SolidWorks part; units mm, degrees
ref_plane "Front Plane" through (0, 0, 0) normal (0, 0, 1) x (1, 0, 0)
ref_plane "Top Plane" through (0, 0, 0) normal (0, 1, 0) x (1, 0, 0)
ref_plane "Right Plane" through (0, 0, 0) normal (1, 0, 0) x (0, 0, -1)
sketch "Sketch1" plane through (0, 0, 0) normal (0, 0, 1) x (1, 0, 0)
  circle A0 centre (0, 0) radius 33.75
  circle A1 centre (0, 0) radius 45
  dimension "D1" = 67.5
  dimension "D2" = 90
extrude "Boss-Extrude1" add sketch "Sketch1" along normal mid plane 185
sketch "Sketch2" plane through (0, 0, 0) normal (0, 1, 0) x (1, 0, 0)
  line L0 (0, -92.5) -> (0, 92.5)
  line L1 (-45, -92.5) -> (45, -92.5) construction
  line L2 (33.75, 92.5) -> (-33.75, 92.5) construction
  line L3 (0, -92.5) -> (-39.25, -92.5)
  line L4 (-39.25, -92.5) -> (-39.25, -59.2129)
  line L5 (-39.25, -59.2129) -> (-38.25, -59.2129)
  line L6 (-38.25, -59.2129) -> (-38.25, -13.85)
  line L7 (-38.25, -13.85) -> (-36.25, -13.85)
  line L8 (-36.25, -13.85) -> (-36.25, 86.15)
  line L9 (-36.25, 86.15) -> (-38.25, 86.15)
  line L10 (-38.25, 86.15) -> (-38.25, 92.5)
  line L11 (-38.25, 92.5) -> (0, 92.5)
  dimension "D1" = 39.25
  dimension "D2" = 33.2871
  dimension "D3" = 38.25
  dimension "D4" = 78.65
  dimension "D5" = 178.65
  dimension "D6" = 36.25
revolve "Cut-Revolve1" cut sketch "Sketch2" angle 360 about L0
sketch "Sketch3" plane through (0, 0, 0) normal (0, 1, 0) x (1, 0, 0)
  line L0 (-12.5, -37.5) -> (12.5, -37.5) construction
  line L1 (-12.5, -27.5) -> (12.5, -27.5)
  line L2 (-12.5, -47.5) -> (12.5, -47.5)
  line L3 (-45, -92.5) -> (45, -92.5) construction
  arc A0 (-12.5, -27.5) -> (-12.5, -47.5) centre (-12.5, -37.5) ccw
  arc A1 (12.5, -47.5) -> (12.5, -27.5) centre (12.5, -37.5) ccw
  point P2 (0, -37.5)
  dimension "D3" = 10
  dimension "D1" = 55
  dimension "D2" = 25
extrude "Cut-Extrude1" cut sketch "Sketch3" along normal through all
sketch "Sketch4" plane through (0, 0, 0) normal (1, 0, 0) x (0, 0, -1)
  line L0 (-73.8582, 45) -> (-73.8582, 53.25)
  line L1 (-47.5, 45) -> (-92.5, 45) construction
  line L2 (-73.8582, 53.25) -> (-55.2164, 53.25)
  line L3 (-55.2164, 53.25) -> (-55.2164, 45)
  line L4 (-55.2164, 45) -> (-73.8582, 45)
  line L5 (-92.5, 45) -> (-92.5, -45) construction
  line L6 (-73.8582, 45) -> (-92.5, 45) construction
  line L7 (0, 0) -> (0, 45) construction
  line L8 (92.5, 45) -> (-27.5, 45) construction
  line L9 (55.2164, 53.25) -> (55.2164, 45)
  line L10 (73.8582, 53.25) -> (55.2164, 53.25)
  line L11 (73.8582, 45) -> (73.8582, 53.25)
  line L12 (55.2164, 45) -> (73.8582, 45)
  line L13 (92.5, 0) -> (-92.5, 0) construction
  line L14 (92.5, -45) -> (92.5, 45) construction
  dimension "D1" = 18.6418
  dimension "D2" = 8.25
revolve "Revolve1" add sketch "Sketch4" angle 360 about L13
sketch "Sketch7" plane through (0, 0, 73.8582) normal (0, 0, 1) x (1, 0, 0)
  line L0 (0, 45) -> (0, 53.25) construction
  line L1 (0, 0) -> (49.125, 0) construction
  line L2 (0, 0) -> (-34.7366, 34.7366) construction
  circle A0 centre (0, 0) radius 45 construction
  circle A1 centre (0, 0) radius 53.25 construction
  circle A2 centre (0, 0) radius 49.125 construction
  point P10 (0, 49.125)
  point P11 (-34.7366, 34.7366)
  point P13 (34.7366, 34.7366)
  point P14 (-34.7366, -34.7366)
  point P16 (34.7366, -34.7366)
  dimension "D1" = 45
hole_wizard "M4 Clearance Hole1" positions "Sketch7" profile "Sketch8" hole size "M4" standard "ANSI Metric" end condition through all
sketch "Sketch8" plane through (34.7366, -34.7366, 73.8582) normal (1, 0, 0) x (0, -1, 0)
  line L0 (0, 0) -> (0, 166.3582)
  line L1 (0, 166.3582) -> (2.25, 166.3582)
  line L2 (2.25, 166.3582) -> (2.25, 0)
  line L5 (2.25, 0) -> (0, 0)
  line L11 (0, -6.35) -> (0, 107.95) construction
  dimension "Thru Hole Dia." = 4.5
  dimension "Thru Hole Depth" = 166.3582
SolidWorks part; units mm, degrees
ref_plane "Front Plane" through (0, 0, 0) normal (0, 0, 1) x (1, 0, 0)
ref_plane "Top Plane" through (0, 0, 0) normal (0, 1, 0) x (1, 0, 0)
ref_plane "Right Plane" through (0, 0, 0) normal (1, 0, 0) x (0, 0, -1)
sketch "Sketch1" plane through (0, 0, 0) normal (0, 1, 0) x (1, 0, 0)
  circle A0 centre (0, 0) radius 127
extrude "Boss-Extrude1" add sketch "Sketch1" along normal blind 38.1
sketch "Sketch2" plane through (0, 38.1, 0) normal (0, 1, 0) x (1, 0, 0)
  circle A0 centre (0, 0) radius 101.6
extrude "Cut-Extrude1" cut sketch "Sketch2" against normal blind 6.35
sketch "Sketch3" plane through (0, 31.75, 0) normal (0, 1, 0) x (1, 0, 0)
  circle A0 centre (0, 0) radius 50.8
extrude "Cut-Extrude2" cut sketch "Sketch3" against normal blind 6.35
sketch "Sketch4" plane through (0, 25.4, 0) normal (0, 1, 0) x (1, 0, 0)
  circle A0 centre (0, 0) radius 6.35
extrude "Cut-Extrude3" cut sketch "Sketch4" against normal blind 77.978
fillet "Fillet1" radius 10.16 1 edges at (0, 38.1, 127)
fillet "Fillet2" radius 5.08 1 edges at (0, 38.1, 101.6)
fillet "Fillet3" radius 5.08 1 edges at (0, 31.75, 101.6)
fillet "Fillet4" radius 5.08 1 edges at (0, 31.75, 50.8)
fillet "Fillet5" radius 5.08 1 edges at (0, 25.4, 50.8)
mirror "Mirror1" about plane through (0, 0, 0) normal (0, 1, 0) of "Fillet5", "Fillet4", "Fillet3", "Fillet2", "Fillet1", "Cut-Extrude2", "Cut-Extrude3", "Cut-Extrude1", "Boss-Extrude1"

######

Look above for the line containing "line L5 (2.25, 0) -> (0, 0)" and the line containing "(0, 31.75, 50.8)". Transcribe both, with the lines between them, exactly.

▸ Completed exercise
  line L5 (2.25, 0) -> (0, 0)
  line L11 (0, -6.35) -> (0, 107.95) construction
  dimension "Thru Hole Dia." = 4.5
  dimension "Thru Hole Depth" = 166.3582
SolidWorks part; units mm, degrees
ref_plane "Front Plane" through (0, 0, 0) normal (0, 0, 1) x (1, 0, 0)
ref_plane "Top Plane" through (0, 0, 0) normal (0, 1, 0) x (1, 0, 0)
ref_plane "Right Plane" through (0, 0, 0) normal (1, 0, 0) x (0, 0, -1)
sketch "Sketch1" plane through (0, 0, 0) normal (0, 1, 0) x (1, 0, 0)
  circle A0 centre (0, 0) radius 127
extrude "Boss-Extrude1" add sketch "Sketch1" along normal blind 38.1
sketch "Sketch2" plane through (0, 38.1, 0) normal (0, 1, 0) x (1, 0, 0)
  circle A0 centre (0, 0) radius 101.6
extrude "Cut-Extrude1" cut sketch "Sketch2" against normal blind 6.35
sketch "Sketch3" plane through (0, 31.75, 0) normal (0, 1, 0) x (1, 0, 0)
  circle A0 centre (0, 0) radius 50.8
extrude "Cut-Extrude2" cut sketch "Sketch3" against normal blind 6.35
sketch "Sketch4" plane through (0, 25.4, 0) normal (0, 1, 0) x (1, 0, 0)
  circle A0 centre (0, 0) radius 6.35
extrude "Cut-Extrude3" cut sketch "Sketch4" against normal blind 77.978
fillet "Fillet1" radius 10.16 1 edges at (0, 38.1, 127)
fillet "Fillet2" radius 5.08 1 edges at (0, 38.1, 101.6)
fillet "Fillet3" radius 5.08 1 edges at (0, 31.75, 101.6)
fillet "Fillet4" radius 5.08 1 edges at (0, 31.75, 50.8)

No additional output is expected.